Em uma conversa recente com David Solomon, CEO do Goldman Sachs, Jensen Huang, CEO da Nvidia, compartilhou sua visão sobre a transformação da indústria da computação, impulsionada pela inovação em GPUs e o advento da Inteligência Artificial. Desde a fundação da Nvidia em 1993, a empresa percorreu um caminho extraordinário, passando de um foco inicial em jogos para se tornar líder em hardware e software para data centers, habilitando o que Huang chama de "a próxima revolução industrial".

A visão central da Nvidia sempre foi a de complementar a computação de propósito geral com uma forma alternativa de processamento, capaz de solucionar problemas complexos que CPUs convencionais não conseguiriam. Essa visão se materializou com a invenção da GPU em 1999, que revolucionou o mercado de jogos para PC e acendeu a chama da IA moderna. A partir daí, a Nvidia expandiu sua atuação para áreas como processamento de imagens, simulação física, computação científica e, mais recentemente, processamento de dados para Machine Learning.
Huang destacou a importância da compatibilidade de arquitetura, permitindo que softwares desenvolvidos em gerações anteriores continuassem a se beneficiar dos avanços tecnológicos. Essa estratégia foi fundamental para a construção da vasta base de usuários da plataforma CUDA, priorizando o investimento contínuo dos desenvolvedores. A Nvidia se consolidou não apenas como fornecedora de hardware, mas como criadora de ecossistemas e novos mercados, expandindo as fronteiras da computação acelerada.
A ascensão da IA generativa é um marco nessa jornada. Com a drástica redução de custos computacionais proporcionada pelas GPUs, tornou-se possível treinar modelos de IA em escalas sem precedentes. Huang explicou como a computação acelerada permitiu um salto de desempenho equivalente a um milhão de vezes em relação à Lei de Moore na última década. Essa capacidade impulsionou a criação de algoritmos capazes de não apenas processar dados, mas também de compreendê-los, traduzindo informações entre diferentes modalidades, como texto, imagens, proteínas e compostos químicos.
Huang argumenta que a IA generativa não é apenas uma ferramenta, mas uma habilidade, capaz de aumentar as capacidades humanas. Ele prevê um futuro onde "funcionários digitais" irão auxiliar em tarefas como direção autônoma, trabalho em linhas de montagem, atendimento ao cliente e gestão da cadeia de suprimentos.
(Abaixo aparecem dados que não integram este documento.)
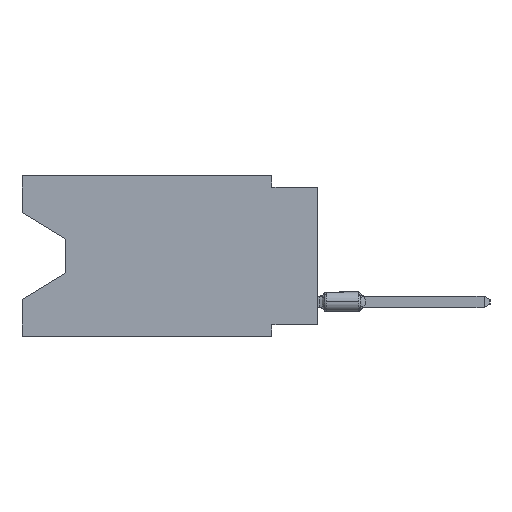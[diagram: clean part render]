
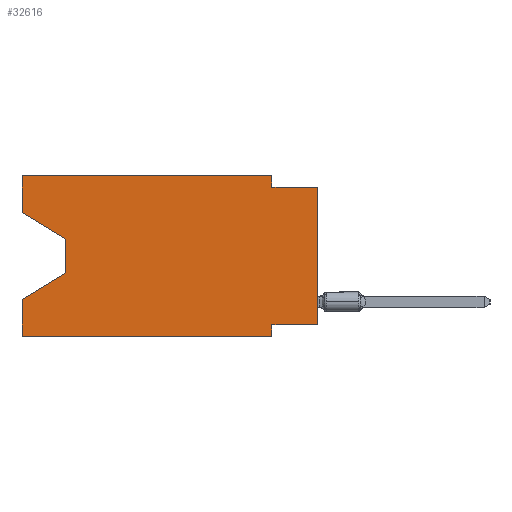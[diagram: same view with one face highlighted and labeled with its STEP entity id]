
A CAD part, left-side view. The second image highlights one B-rep face of the part: STEP entity #32616.
In plain terms, the highlighted planar face has unit normal (-1, 0, 0).
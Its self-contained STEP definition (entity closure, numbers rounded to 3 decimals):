
#581 = VECTOR ( 'NONE', #7942, 1000. ) ;
#596 = DIRECTION ( 'NONE',  ( 0., 0., -1. ) ) ;
#1619 = LINE ( 'NONE', #4778, #35488 ) ;
#1685 = VERTEX_POINT ( 'NONE', #15177 ) ;
#2877 = VERTEX_POINT ( 'NONE', #25845 ) ;
#4098 = VECTOR ( 'NONE', #5390, 1000. ) ;
#4117 = VERTEX_POINT ( 'NONE', #6128 ) ;
#4377 = VERTEX_POINT ( 'NONE', #4532 ) ;
#4532 = CARTESIAN_POINT ( 'NONE',  ( 0., 0., -8.255 ) ) ;
#4778 = CARTESIAN_POINT ( 'NONE',  ( 0., 13.97, -5.385 ) ) ;
#4905 = VECTOR ( 'NONE', #13266, 1000. ) ;
#5390 = DIRECTION ( 'NONE',  ( 0., -1., 0. ) ) ;
#5937 = ORIENTED_EDGE ( 'NONE', *, *, #19233, .F. ) ;
#6032 = EDGE_LOOP ( 'NONE', ( #39617, #35486, #41885, #11411, #20411, #39239, #14362, #38261, #5937, #35706, #25966, #21409 ) ) ;
#6128 = CARTESIAN_POINT ( 'NONE',  ( 0., 13.97, -3.505 ) ) ;
#7342 = LINE ( 'NONE', #38323, #11601 ) ;
#7378 = CARTESIAN_POINT ( 'NONE',  ( 0., 0., -0.635 ) ) ;
#7900 = CARTESIAN_POINT ( 'NONE',  ( 0., 16.383, -2.038 ) ) ;
#7942 = DIRECTION ( 'NONE',  ( 0., 1., 0. ) ) ;
#8116 = DIRECTION ( 'NONE',  ( 0., -0.855, -0.519 ) ) ;
#9656 = EDGE_CURVE ( 'NONE', #38354, #4117, #31696, .T. ) ;
#10469 = VERTEX_POINT ( 'NONE', #23337 ) ;
#10720 = CARTESIAN_POINT ( 'NONE',  ( 0., 13.97, -3.505 ) ) ;
#11122 = VERTEX_POINT ( 'NONE', #22240 ) ;
#11293 = VERTEX_POINT ( 'NONE', #7378 ) ;
#11411 = ORIENTED_EDGE ( 'NONE', *, *, #12175, .F. ) ;
#11601 = VECTOR ( 'NONE', #17889, 1000. ) ;
#11904 = LINE ( 'NONE', #39537, #4098 ) ;
#12175 = EDGE_CURVE ( 'NONE', #1685, #12401, #22020, .T. ) ;
#12401 = VERTEX_POINT ( 'NONE', #37283 ) ;
#13266 = DIRECTION ( 'NONE',  ( 0., 0., 1. ) ) ;
#13496 = CARTESIAN_POINT ( 'NONE',  ( 0., 2.54, 0. ) ) ;
#14050 = LINE ( 'NONE', #20128, #25490 ) ;
#14362 = ORIENTED_EDGE ( 'NONE', *, *, #30413, .F. ) ;
#14964 = CARTESIAN_POINT ( 'NONE',  ( 0., 16.383, 0. ) ) ;
#15177 = CARTESIAN_POINT ( 'NONE',  ( 0., 16.383, -8.89 ) ) ;
#15290 = DIRECTION ( 'NONE',  ( 0., -1., 0. ) ) ;
#16249 = DIRECTION ( 'NONE',  ( 1., 0., 0. ) ) ;
#16306 = EDGE_CURVE ( 'NONE', #43538, #23927, #14050, .T. ) ;
#17808 = VECTOR ( 'NONE', #29790, 1000. ) ;
#17889 = DIRECTION ( 'NONE',  ( 0., -1., 0. ) ) ;
#19233 = EDGE_CURVE ( 'NONE', #23927, #11293, #11904, .T. ) ;
#19415 = DIRECTION ( 'NONE',  ( 0., 0., -1. ) ) ;
#19618 = FACE_OUTER_BOUND ( 'NONE', #6032, .T. ) ;
#19768 = LINE ( 'NONE', #10720, #25786 ) ;
#20128 = CARTESIAN_POINT ( 'NONE',  ( 0., 2.54, 0. ) ) ;
#20411 = ORIENTED_EDGE ( 'NONE', *, *, #36148, .T. ) ;
#20543 = VECTOR ( 'NONE', #8116, 1000. ) ;
#21409 = ORIENTED_EDGE ( 'NONE', *, *, #34946, .F. ) ;
#22020 = LINE ( 'NONE', #42923, #33175 ) ;
#22240 = CARTESIAN_POINT ( 'NONE',  ( 0., 2.54, -8.89 ) ) ;
#22777 = PLANE ( 'NONE',  #38664 ) ;
#23337 = CARTESIAN_POINT ( 'NONE',  ( 0., 13.97, -5.385 ) ) ;
#23670 = EDGE_CURVE ( 'NONE', #4117, #10469, #19768, .T. ) ;
#23927 = VERTEX_POINT ( 'NONE', #33194 ) ;
#24150 = DIRECTION ( 'NONE',  ( 0., 0., -1. ) ) ;
#25490 = VECTOR ( 'NONE', #24150, 1000. ) ;
#25786 = VECTOR ( 'NONE', #596, 1000. ) ;
#25845 = CARTESIAN_POINT ( 'NONE',  ( 0., 2.54, -8.255 ) ) ;
#25966 = ORIENTED_EDGE ( 'NONE', *, *, #39267, .F. ) ;
#27629 = CARTESIAN_POINT ( 'NONE',  ( 0., 16.383, 0. ) ) ;
#27930 = VERTEX_POINT ( 'NONE', #14964 ) ;
#29523 = LINE ( 'NONE', #43218, #32697 ) ;
#29790 = DIRECTION ( 'NONE',  ( 0., 0., 1. ) ) ;
#30166 = VECTOR ( 'NONE', #15290, 1000. ) ;
#30413 = EDGE_CURVE ( 'NONE', #4377, #2877, #39368, .T. ) ;
#31696 = LINE ( 'NONE', #7900, #20543 ) ;
#32225 = EDGE_CURVE ( 'NONE', #4377, #11293, #32569, .T. ) ;
#32383 = LINE ( 'NONE', #39337, #30166 ) ;
#32569 = LINE ( 'NONE', #36749, #17808 ) ;
#32589 = DIRECTION ( 'NONE',  ( 0., 0., 1. ) ) ;
#32616 = ADVANCED_FACE ( 'NONE', ( #19618 ), #22777, .F. ) ;
#32697 = VECTOR ( 'NONE', #37143, 1000. ) ;
#32907 = EDGE_CURVE ( 'NONE', #10469, #12401, #1619, .T. ) ;
#33175 = VECTOR ( 'NONE', #32589, 1000. ) ;
#33194 = CARTESIAN_POINT ( 'NONE',  ( 0., 2.54, -0.635 ) ) ;
#33273 = CARTESIAN_POINT ( 'NONE',  ( 0., 16.383, -2.038 ) ) ;
#33329 = EDGE_CURVE ( 'NONE', #2877, #11122, #29523, .T. ) ;
#34946 = EDGE_CURVE ( 'NONE', #38354, #27930, #44042, .T. ) ;
#35486 = ORIENTED_EDGE ( 'NONE', *, *, #23670, .T. ) ;
#35488 = VECTOR ( 'NONE', #35550, 1000. ) ;
#35550 = DIRECTION ( 'NONE',  ( 0., 0.855, -0.519 ) ) ;
#35706 = ORIENTED_EDGE ( 'NONE', *, *, #16306, .F. ) ;
#36148 = EDGE_CURVE ( 'NONE', #1685, #11122, #7342, .T. ) ;
#36749 = CARTESIAN_POINT ( 'NONE',  ( 0., 0., 0. ) ) ;
#36922 = CARTESIAN_POINT ( 'NONE',  ( 0., 16.383, 0. ) ) ;
#37143 = DIRECTION ( 'NONE',  ( 0., 0., -1. ) ) ;
#37283 = CARTESIAN_POINT ( 'NONE',  ( 0., 16.383, -6.852 ) ) ;
#38261 = ORIENTED_EDGE ( 'NONE', *, *, #32225, .T. ) ;
#38323 = CARTESIAN_POINT ( 'NONE',  ( 0., 16.383, -8.89 ) ) ;
#38354 = VERTEX_POINT ( 'NONE', #33273 ) ;
#38664 = AXIS2_PLACEMENT_3D ( 'NONE', #36922, #16249, #19415 ) ;
#39239 = ORIENTED_EDGE ( 'NONE', *, *, #33329, .F. ) ;
#39267 = EDGE_CURVE ( 'NONE', #27930, #43538, #32383, .T. ) ;
#39337 = CARTESIAN_POINT ( 'NONE',  ( 0., 16.383, 0. ) ) ;
#39368 = LINE ( 'NONE', #42963, #581 ) ;
#39537 = CARTESIAN_POINT ( 'NONE',  ( 0., 0., -0.635 ) ) ;
#39617 = ORIENTED_EDGE ( 'NONE', *, *, #9656, .T. ) ;
#41885 = ORIENTED_EDGE ( 'NONE', *, *, #32907, .T. ) ;
#42923 = CARTESIAN_POINT ( 'NONE',  ( 0., 16.383, 0. ) ) ;
#42963 = CARTESIAN_POINT ( 'NONE',  ( 0., 0., -8.255 ) ) ;
#43218 = CARTESIAN_POINT ( 'NONE',  ( 0., 2.54, -8.89 ) ) ;
#43538 = VERTEX_POINT ( 'NONE', #13496 ) ;
#44042 = LINE ( 'NONE', #27629, #4905 ) ;
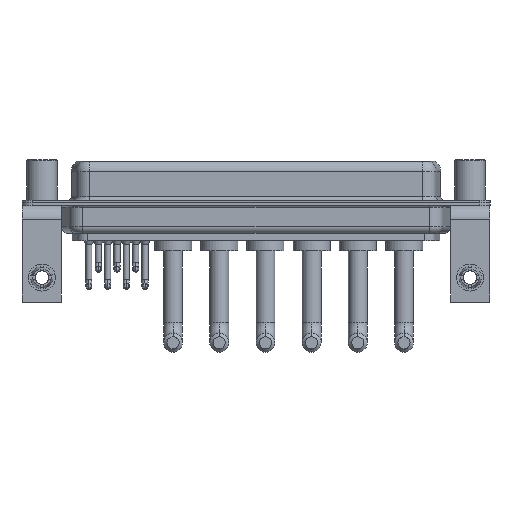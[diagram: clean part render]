
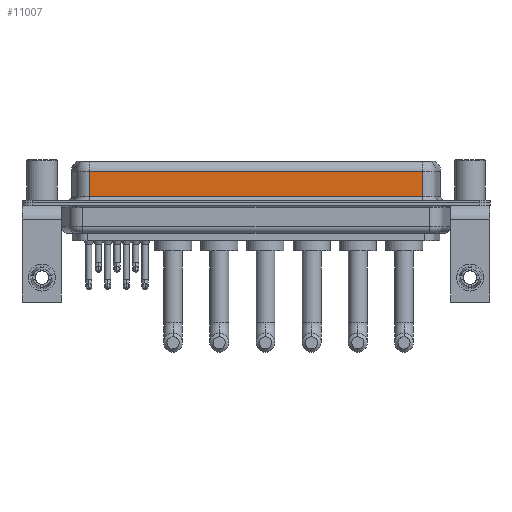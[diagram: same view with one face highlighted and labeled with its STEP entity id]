
A CAD part, front view. The second image highlights one B-rep face of the part: STEP entity #11007.
In plain terms, the highlighted planar face has unit normal (0, -1, 0).
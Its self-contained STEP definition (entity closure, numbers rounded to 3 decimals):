
#252 = VECTOR ( 'NONE', #18790, 1000. ) ;
#536 = CARTESIAN_POINT ( 'NONE',  ( 7.038, -3.95, 6.4 ) ) ;
#744 = LINE ( 'NONE', #21523, #9145 ) ;
#2383 = DIRECTION ( 'NONE',  ( 0., 0., 1. ) ) ;
#2772 = ORIENTED_EDGE ( 'NONE', *, *, #20116, .T. ) ;
#2896 = LINE ( 'NONE', #6430, #252 ) ;
#2898 = EDGE_CURVE ( 'NONE', #10576, #5522, #16180, .T. ) ;
#3066 = EDGE_CURVE ( 'NONE', #3626, #12075, #2896, .T. ) ;
#3626 = VERTEX_POINT ( 'NONE', #12349 ) ;
#4085 = EDGE_LOOP ( 'NONE', ( #21360, #2772, #11653, #15638 ) ) ;
#4474 = CARTESIAN_POINT ( 'NONE',  ( 7.038, -3.95, 4.65 ) ) ;
#5522 = VERTEX_POINT ( 'NONE', #9691 ) ;
#5694 = AXIS2_PLACEMENT_3D ( 'NONE', #7525, #19758, #2383 ) ;
#6430 = CARTESIAN_POINT ( 'NONE',  ( 56.462, -3.95, 6.4 ) ) ;
#7480 = DIRECTION ( 'NONE',  ( 0., 0., -1. ) ) ;
#7525 = CARTESIAN_POINT ( 'NONE',  ( 56.462, -3.95, 6.4 ) ) ;
#8361 = EDGE_CURVE ( 'NONE', #5522, #12075, #744, .T. ) ;
#8966 = VECTOR ( 'NONE', #7480, 1000. ) ;
#9098 = DIRECTION ( 'NONE',  ( -1., 0., 0. ) ) ;
#9145 = VECTOR ( 'NONE', #9750, 1000. ) ;
#9691 = CARTESIAN_POINT ( 'NONE',  ( 7.038, -3.95, 0.9 ) ) ;
#9750 = DIRECTION ( 'NONE',  ( 1., 0., 0. ) ) ;
#10576 = VERTEX_POINT ( 'NONE', #4474 ) ;
#11007 = ADVANCED_FACE ( 'NONE', ( #12784 ), #16223, .F. ) ;
#11653 = ORIENTED_EDGE ( 'NONE', *, *, #2898, .T. ) ;
#12075 = VERTEX_POINT ( 'NONE', #22433 ) ;
#12349 = CARTESIAN_POINT ( 'NONE',  ( 56.462, -3.95, 4.65 ) ) ;
#12784 = FACE_OUTER_BOUND ( 'NONE', #4085, .T. ) ;
#14245 = LINE ( 'NONE', #19162, #14374 ) ;
#14374 = VECTOR ( 'NONE', #9098, 1000. ) ;
#15638 = ORIENTED_EDGE ( 'NONE', *, *, #8361, .T. ) ;
#16180 = LINE ( 'NONE', #536, #8966 ) ;
#16223 = PLANE ( 'NONE',  #5694 ) ;
#18790 = DIRECTION ( 'NONE',  ( 0., 0., -1. ) ) ;
#19162 = CARTESIAN_POINT ( 'NONE',  ( 56.462, -3.95, 4.65 ) ) ;
#19758 = DIRECTION ( 'NONE',  ( 0., 1., 0. ) ) ;
#20116 = EDGE_CURVE ( 'NONE', #3626, #10576, #14245, .T. ) ;
#21360 = ORIENTED_EDGE ( 'NONE', *, *, #3066, .F. ) ;
#21523 = CARTESIAN_POINT ( 'NONE',  ( 56.462, -3.95, 0.9 ) ) ;
#22433 = CARTESIAN_POINT ( 'NONE',  ( 56.462, -3.95, 0.9 ) ) ;

Essa visão expande o escopo da IA para além dos data centers, transformando-a em um conjunto de habilidades acessíveis a diversas indústrias.
O CEO da Nvidia também abordou a questão do retorno sobre o investimento em infraestrutura de IA. Ele comparou a atual transição com a virtualização e a computação em nuvem, que trouxeram reduções significativas de custos ao otimizar a utilização dos recursos. Huang afirmou que a aceleração por GPUs já oferece um ROI substancial, com ganhos de desempenho de até 20 vezes em tarefas de processamento de dados, resultando em economia de custos mesmo com o aumento do investimento em hardware. A alta demanda por GPUs para treinamento e inferência de modelos de IA também contribui para um retorno positivo, com a capacidade de gerar receitas múltiplas vezes superiores ao custo do hardware.
Apesar do otimismo, Huang reconhece os desafios da liderança em um mercado tão competitivo. Ele enfatizou a importância de uma abordagem holística para a construção de infraestrutura de IA, integrando hardware, software e algoritmos em um ecossistema otimizado. A vasta base instalada de GPUs, presente em data centers, computadores pessoais e dispositivos embarcados, é um diferencial competitivo crucial para a Nvidia. A empresa se concentra em entregar inovações constantes, com novas arquiteturas e clusters de IA lançados anualmente, impulsionando o crescimento e a eficiência para seus clientes.
Finalmente, Huang abordou as preocupações geopolíticas relacionadas à concentração da cadeia de suprimentos na Ásia. Ele destacou a complexidade e a interconexão da produção de GPUs, comparando-a à fabricação de carros elétricos. A Nvidia busca diversificar sua cadeia de suprimentos e manter redundância para mitigar riscos, ao mesmo tempo em que valoriza a parceria estratégica com a TSMC, reconhecendo sua liderança tecnológica e capacidade de escalonamento. A empresa se prepara para atender à crescente demanda por GPUs nos próximos anos, impulsionada pela rápida adoção da IA em diversas indústrias.